### Stored data

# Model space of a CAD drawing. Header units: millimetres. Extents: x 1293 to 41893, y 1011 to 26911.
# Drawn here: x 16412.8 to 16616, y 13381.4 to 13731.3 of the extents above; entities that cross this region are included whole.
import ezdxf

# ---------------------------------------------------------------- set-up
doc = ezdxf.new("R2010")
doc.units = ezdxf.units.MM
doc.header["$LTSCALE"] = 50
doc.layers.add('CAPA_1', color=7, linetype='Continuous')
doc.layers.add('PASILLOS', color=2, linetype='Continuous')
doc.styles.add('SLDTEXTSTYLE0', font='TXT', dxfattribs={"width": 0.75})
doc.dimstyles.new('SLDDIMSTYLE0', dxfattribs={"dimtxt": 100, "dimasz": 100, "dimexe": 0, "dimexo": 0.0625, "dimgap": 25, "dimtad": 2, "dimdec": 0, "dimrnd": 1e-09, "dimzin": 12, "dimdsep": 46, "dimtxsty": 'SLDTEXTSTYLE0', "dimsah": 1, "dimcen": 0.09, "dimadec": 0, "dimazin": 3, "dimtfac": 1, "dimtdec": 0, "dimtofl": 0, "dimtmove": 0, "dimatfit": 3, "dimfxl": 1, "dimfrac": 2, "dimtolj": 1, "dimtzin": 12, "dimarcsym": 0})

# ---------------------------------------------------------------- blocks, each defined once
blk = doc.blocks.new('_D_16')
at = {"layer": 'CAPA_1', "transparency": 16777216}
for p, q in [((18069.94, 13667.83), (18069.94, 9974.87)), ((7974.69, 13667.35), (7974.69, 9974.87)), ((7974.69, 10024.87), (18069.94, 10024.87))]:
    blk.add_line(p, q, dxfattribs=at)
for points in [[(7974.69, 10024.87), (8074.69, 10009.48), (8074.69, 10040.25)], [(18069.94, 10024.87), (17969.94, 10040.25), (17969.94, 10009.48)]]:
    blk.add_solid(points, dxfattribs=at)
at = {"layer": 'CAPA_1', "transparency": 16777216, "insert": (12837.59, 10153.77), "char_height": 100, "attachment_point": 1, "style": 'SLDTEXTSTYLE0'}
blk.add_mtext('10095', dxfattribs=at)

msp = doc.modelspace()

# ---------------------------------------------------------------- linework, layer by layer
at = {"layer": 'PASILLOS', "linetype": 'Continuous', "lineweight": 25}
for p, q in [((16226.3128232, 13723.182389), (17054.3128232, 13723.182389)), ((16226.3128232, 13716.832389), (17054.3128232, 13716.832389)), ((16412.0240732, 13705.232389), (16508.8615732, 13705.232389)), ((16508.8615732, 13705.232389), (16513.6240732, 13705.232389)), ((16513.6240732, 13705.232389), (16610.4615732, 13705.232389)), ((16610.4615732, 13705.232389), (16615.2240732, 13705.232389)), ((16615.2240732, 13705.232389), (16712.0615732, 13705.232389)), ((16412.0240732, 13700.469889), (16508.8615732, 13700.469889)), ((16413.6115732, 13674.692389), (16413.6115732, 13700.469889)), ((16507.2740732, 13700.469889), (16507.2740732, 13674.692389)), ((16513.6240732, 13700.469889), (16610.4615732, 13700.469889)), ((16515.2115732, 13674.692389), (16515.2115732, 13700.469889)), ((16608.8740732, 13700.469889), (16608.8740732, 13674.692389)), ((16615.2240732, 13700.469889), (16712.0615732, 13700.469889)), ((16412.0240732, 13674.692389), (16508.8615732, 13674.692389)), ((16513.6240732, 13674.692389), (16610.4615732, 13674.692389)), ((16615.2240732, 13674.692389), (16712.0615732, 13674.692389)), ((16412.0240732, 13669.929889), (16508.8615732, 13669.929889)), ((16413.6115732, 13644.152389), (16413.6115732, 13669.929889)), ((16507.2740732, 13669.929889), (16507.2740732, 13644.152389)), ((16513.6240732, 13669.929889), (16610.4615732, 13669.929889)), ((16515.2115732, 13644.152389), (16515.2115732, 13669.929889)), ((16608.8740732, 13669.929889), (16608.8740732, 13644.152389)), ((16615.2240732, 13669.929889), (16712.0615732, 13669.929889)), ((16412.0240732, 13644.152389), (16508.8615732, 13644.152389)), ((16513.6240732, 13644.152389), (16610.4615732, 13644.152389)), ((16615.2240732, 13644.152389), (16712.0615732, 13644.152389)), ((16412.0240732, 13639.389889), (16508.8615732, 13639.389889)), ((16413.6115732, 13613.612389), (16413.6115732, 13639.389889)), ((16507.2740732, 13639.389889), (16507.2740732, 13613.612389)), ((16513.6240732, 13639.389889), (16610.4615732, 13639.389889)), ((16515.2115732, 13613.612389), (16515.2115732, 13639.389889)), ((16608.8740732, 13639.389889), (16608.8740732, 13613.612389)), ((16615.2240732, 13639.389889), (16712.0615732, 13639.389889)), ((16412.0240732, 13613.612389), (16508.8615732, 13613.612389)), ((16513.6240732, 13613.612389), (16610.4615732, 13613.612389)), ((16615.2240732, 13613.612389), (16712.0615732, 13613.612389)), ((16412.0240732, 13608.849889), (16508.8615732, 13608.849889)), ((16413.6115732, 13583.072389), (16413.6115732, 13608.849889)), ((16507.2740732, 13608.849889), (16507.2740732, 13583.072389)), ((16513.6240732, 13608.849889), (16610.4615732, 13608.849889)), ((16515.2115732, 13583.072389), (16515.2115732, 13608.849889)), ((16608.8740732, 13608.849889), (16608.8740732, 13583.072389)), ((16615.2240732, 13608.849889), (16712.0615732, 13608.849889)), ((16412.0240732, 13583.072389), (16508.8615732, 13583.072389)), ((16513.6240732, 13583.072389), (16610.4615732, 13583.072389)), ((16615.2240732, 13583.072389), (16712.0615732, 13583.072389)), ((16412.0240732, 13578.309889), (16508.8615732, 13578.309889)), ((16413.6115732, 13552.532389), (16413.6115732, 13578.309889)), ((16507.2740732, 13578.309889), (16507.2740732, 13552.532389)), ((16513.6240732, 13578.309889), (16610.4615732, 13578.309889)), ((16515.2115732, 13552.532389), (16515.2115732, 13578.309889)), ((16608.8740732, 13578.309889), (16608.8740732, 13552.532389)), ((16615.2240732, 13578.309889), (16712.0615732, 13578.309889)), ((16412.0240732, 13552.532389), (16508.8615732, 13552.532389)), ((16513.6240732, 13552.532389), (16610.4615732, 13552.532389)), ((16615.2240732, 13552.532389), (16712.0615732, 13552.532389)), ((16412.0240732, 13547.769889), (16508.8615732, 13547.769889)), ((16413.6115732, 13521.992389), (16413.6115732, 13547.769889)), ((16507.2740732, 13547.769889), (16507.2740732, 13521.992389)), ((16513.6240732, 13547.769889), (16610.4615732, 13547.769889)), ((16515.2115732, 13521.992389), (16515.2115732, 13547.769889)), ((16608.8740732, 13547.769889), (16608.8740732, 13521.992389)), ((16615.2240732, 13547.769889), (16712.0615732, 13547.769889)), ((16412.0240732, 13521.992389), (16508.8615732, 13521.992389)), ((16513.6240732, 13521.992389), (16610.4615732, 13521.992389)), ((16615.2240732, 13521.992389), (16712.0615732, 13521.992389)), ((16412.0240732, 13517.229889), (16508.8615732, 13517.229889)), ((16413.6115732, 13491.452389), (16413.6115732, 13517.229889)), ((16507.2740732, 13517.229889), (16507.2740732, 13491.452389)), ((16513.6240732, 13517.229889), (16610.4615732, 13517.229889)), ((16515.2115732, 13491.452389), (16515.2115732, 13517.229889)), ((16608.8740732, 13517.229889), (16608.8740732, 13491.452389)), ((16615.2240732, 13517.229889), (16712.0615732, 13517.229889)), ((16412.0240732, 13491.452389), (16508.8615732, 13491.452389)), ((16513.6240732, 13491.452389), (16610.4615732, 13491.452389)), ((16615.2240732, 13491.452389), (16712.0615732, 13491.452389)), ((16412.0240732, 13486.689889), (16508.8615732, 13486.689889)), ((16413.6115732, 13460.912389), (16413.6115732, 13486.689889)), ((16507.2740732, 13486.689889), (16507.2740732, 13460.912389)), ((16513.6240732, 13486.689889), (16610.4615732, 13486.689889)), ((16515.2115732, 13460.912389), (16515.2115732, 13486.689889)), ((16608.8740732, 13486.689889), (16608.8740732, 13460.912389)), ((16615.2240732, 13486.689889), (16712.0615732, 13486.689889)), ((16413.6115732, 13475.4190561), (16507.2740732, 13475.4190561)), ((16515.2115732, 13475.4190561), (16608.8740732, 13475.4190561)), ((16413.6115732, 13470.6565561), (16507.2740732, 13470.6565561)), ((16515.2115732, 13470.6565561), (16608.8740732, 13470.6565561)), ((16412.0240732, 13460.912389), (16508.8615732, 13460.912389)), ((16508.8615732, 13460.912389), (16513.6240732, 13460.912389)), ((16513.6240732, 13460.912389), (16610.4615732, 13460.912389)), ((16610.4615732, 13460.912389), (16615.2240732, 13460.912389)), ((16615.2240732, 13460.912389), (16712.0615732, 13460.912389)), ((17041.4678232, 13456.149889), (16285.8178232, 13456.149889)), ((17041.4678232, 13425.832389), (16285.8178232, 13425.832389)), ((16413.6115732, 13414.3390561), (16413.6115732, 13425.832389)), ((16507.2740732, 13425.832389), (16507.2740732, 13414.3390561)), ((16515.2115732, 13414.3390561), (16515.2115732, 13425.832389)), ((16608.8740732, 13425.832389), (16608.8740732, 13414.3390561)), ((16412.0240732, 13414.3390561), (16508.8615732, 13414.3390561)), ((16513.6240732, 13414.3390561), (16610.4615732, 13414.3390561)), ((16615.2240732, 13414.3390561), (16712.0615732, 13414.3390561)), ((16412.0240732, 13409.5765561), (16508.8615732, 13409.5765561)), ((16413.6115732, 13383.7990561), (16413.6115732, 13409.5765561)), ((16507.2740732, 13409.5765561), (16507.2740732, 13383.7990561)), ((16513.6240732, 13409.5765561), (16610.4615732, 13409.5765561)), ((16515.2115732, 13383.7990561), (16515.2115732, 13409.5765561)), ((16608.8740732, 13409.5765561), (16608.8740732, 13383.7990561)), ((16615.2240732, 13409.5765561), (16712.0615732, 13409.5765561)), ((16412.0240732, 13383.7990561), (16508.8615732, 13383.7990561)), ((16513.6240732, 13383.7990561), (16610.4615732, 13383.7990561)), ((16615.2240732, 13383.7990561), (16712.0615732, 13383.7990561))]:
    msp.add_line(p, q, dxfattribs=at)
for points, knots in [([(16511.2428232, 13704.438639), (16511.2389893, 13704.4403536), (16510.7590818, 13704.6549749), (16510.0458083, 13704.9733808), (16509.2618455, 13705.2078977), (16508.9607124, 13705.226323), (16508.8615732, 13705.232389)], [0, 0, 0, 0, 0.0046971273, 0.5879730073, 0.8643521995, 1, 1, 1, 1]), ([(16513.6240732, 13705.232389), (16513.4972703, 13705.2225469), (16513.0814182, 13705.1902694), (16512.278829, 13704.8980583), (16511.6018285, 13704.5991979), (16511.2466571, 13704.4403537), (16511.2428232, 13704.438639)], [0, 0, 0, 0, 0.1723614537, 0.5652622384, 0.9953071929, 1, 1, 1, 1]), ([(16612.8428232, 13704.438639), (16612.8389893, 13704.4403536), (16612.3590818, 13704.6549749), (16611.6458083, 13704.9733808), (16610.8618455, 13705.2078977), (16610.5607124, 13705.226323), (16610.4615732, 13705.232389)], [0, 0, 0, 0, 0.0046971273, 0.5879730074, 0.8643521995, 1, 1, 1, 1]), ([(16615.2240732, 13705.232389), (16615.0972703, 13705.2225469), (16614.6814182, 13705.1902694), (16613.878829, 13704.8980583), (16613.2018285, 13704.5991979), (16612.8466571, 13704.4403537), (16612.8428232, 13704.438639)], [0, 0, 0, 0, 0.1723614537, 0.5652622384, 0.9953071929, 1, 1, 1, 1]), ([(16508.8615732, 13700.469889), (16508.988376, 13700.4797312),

### Exercise prompt
Could you find every line in the records above that has the string "PASILLOS" and copy it?

### Your response
doc.layers.add('PASILLOS', color=2, linetype='Continuous')
at = {"layer": 'PASILLOS', "linetype": 'Continuous', "lineweight": 25}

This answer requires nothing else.